** Opening Provided data block **

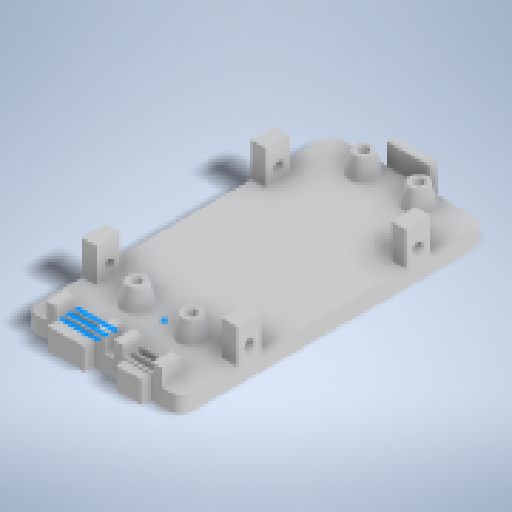
# Autodesk Inventor part: Base
Saved by Autodesk Inventor 2023 (Build 270158000, 158)
## iProperties
Created: 2022-06-08
Part Number: Base
Material: Generic
Document SubType Name: Modeling
Designer: siwat
Density: 1 g/cm^3
Appearance: Default
Author: siwat
Autodesk Inventor part; units mm, degrees
(part 1 of 3)
ref_plane "YZ Plane" through (0, 0, 0) normal (1, 0, 0) x (0, 1, 0)
ref_plane "XZ Plane" through (0, 0, 0) normal (0, 1, 0) x (-1, 0, 0)
ref_plane "XY Plane" through (0, 0, 0) normal (0, 0, 1) x (1, 0, 0)
sketch "Sketch1" plane through (0, 0, 0) normal (0, 1, 0) x (-1, 0, 0)
  line L0 (12.1706, 0.6153) -> (-9.8294, 0.6153)
  line L1 (-9.8294, 0.6153) -> (-9.8294, -51.3847)
  line L2 (-9.8294, -51.3847) -> (12.1706, -51.3847)
  line L3 (12.1706, -51.3847) -> (12.1706, 0.6153)
  line L4 (1.9706, -2.0847) -> (1.9706, 0.1153) projected
  arc A0 (1.7706, -2.2847) -> (1.9706, -2.0847) centre (1.7706, -2.0847) ccw projected
  line L5 (0.5706, -2.2847) -> (1.7706, -2.2847) projected
  arc A1 (0.3706, -2.0847) -> (0.5706, -2.2847) centre (0.5706, -2.0847) ccw projected
  line L6 (0.3706, 0.1153) -> (0.3706, -2.0847) projected
  line L7 (0.3706, 0.1153) -> (-0.5694, 0.1153) projected
  line L8 (-0.5694, -1.4847) -> (-0.5694, 0.1153) projected
  arc A2 (-2.1694, -1.4847) -> (-0.5694, -1.4847) centre (-1.3694, -1.4847) ccw projected
  line L9 (-2.1694, 0.1153) -> (-2.1694, -1.4847) projected
  line L10 (-2.1694, 0.1153) -> (-9.3294, 0.1153) projected
  line L11 (-9.3294, 0.1153) -> (-9.3294, -0.4547) projected
  line L12 (-9.3294, -0.4547) -> (-7.7294, -0.4547) projected
  arc A3 (-7.7294, -2.0547) -> (-7.7294, -0.4547) centre (-7.7294, -1.2547) ccw projected
  line L13 (-7.7294, -2.0547) -> (-9.3294, -2.0547) projected
  line L14 (-9.3294, -2.0547) -> (-9.3294, -2.9947) projected
  line L15 (-9.3294, -2.9947) -> (-7.7294, -2.9947) projected
  arc A4 (-7.7294, -4.5947) -> (-7.7294, -2.9947) centre (-7.7294, -3.7947) ccw projected
  line L16 (-7.7294, -4.5947) -> (-9.3294, -4.5947) projected
  line L17 (-9.3294, -4.5947) -> (-9.3294, -5.5347) projected
  line L18 (-9.3294, -5.5347) -> (-7.1294, -5.5347) projected
  arc A5 (-6.9294, -5.7347) -> (-7.1294, -5.5347) centre (-7.1294, -5.7347) ccw projected
  line L19 (-6.9294, -5.7347) -> (-6.9294, -6.9347) projected
  arc A6 (-7.1294, -7.1347) -> (-6.9294, -6.9347) centre (-7.1294, -6.9347) ccw projected
  line L20 (-7.1294, -7.1347) -> (-9.3294, -7.1347) projected
  line L21 (-9.3294, -7.1347) -> (-9.3294, -8.0747) projected
  line L22 (-9.3294, -8.0747) -> (-7.7294, -8.0747) projected
  arc A7 (-7.7294, -9.6747) -> (-7.7294, -8.0747) centre (-7.7294, -8.8747) ccw projected
  line L23 (-7.7294, -9.6747) -> (-9.3294, -9.6747) projected
  line L24 (-9.3294, -9.6747) -> (-9.3294, -10.6147) projected
  line L25 (-9.3294, -10.6147) -> (-7.7294, -10.6147) projected
  arc A8 (-7.7294, -12.2147) -> (-7.7294, -10.6147) centre (-7.7294, -11.4147) ccw projected
  line L26 (-7.7294, -12.2147) -> (-9.3294, -12.2147) projected
  line L27 (-9.3294, -12.2147) -> (-9.3294, -13.1547) projected
  line L28 (-9.3294, -13.1547) -> (-7.7294, -13.1547) projected
  arc A9 (-7.7294, -14.7547) -> (-7.7294, -13.1547) centre (-7.7294, -13.9547) ccw projected
  line L29 (-7.7294, -14.7547) -> (-9.3294, -14.7547) projected
  line L30 (-9.3294, -14.7547) -> (-9.3294, -15.6947) projected
  line L31 (-9.3294, -15.6947) -> (-7.7294, -15.6947) projected
  arc A10 (-7.7294, -17.2947) -> (-7.7294, -15.6947) centre (-7.7294, -16.4947) ccw projected
  line L32 (-7.7294, -17.2947) -> (-9.3294, -17.2947) projected
  line L33 (-9.3294, -17.2947) -> (-9.3294, -18.2347) projected
  line L34 (-9.3294, -18.2347) -> (-7.1294, -18.2347) projected
  arc A11 (-6.9294, -18.4347) -> (-7.1294, -18.2347) centre (-7.1294, -18.4347) ccw projected
  line L35 (-6.9294, -18.4347) -> (-6.9294, -19.6347) projected
  arc A12 (-7.1294, -19.8347) -> (-6.9294, -19.6347) centre (-7.1294, -19.6347) ccw projected
  line L36 (-7.1294, -19.8347) -> (-9.3294, -19.8347) projected
  line L37 (-9.3294, -19.8347) -> (-9.3294, -20.7747) projected
  line L38 (-9.3294, -20.7747) -> (-7.7294, -20.7747) projected
  arc A13 (-7.7294, -22.3747) -> (-7.7294, -20.7747) centre (-7.7294, -21.5747) ccw projected
  line L39 (-7.7294, -22.3747) -> (-9.3294, -22.3747) projected
  line L40 (-9.3294, -22.3747) -> (-9.3294, -23.3147) projected
  line L41 (-9.3294, -23.3147) -> (-7.7294, -23.3147) projected
  arc A14 (-7.7294, -24.9147) -> (-7.7294, -23.3147) centre (-7.7294, -24.1147) ccw projected
  line L42 (-7.7294, -24.9147) -> (-9.3294, -24.9147) projected
  line L43 (-9.3294, -24.9147) -> (-9.3294, -25.8547) projected
  line L44 (-9.3294, -25.8547) -> (-7.7294, -25.8547) projected
  arc A15 (-7.7294, -27.4547) -> (-7.7294, -25.8547) centre (-7.7294, -26.6547) ccw projected
  line L45 (-7.7294, -27.4547) -> (-9.3294, -27.4547) projected
  line L46 (-9.3294, -27.4547) -> (-9.3294, -28.3947) projected
  line L47 (-9.3294, -28.3947) -> (-7.7294, -28.3947) projected
  arc A16 (-7.7294, -29.9947) -> (-7.7294, -28.3947) centre (-7.7294, -29.1947) ccw projected
  line L48 (-7.7294, -29.9947) -> (-9.3294, -29.9947) projected
  line L49 (-9.3294, -29.9947) -> (-9.3294, -30.9347) projected
  line L50 (-9.3294, -30.9347) -> (-7.1294, -30.9347) projected
  arc A17 (-6.9294, -31.1347) -> (-7.1294, -30.9347) centre (-7.1294, -31.1347) ccw projected
  line L51 (-6.9294, -31.1347) -> (-6.9294, -32.3347) projected
  arc A18 (-7.1294, -32.5347) -> (-6.9294, -32.3347) centre (-7.1294, -32.3347) ccw projected
  line L52 (-7.1294, -32.5347) -> (-9.3294, -32.5347) projected
  line L53 (-9.3294, -32.5347) -> (-9.3294, -33.4747) projected
  line L54 (-9.3294, -33.4747) -> (-7.7294, -33.4747) projected
  arc A19 (-7.7294, -35.0747) -> (-7.7294, -33.4747) centre (-7.7294, -34.2747) ccw projected
  line L55 (-7.7294, -35.0747) -> (-9.3294, -35.0747) projected
  line L56 (-9.3294, -35.0747) -> (-9.3294, -36.0147) projected
  line L57 (-9.3294, -36.0147) -> (-7.7294, -36.0147) projected
  arc A20 (-7.7294, -37.6147) -> (-7.7294, -36.0147) centre (-7.7294, -36.8147) ccw projected
  line L58 (-7.7294, -37.6147) -> (-9.3294, -37.6147) projected
  line L59 (-9.3294, -37.6147) -> (-9.3294, -38.5547) projected
  line L60 (-9.3294, -38.5547) -> (-7.7294, -38.5547) projected
  arc A21 (-7.7294, -40.1547) -> (-7.7294, -38.5547) centre (-7.7294, -39.3547) ccw projected
  line L61 (-7.7294, -40.1547) -> (-9.3294, -40.1547) projected
  line L62 (-9.3294, -40.1547) -> (-9.3294, -41.0947) projected
  line L63 (-9.3294, -41.0947) -> (-7.7294, -41.0947) projected
  arc A22 (-7.7294, -42.6947) -> (-7.7294, -41.0947) centre (-7.7294, -41.8947) ccw projected
  line L64 (-7.7294, -42.6947) -> (-9.3294, -42.6947) projected
  line L65 (-9.3294, -42.6947) -> (-9.3294, -43.6347) projected
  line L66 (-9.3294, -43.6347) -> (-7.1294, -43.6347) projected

** Closing Provided data block **

Pictures do not belong in the copy. Repeat only the lines from the top of the records through the line containing "(part 1 of 3)".

# Autodesk Inventor part: Base
Saved by Autodesk Inventor 2023 (Build 270158000, 158)
## iProperties
Created: 2022-06-08
Part Number: Base
Material: Generic
Document SubType Name: Modeling
Designer: siwat
Density: 1 g/cm^3
Appearance: Default
Author: siwat
Autodesk Inventor part; units mm, degrees
(part 1 of 3)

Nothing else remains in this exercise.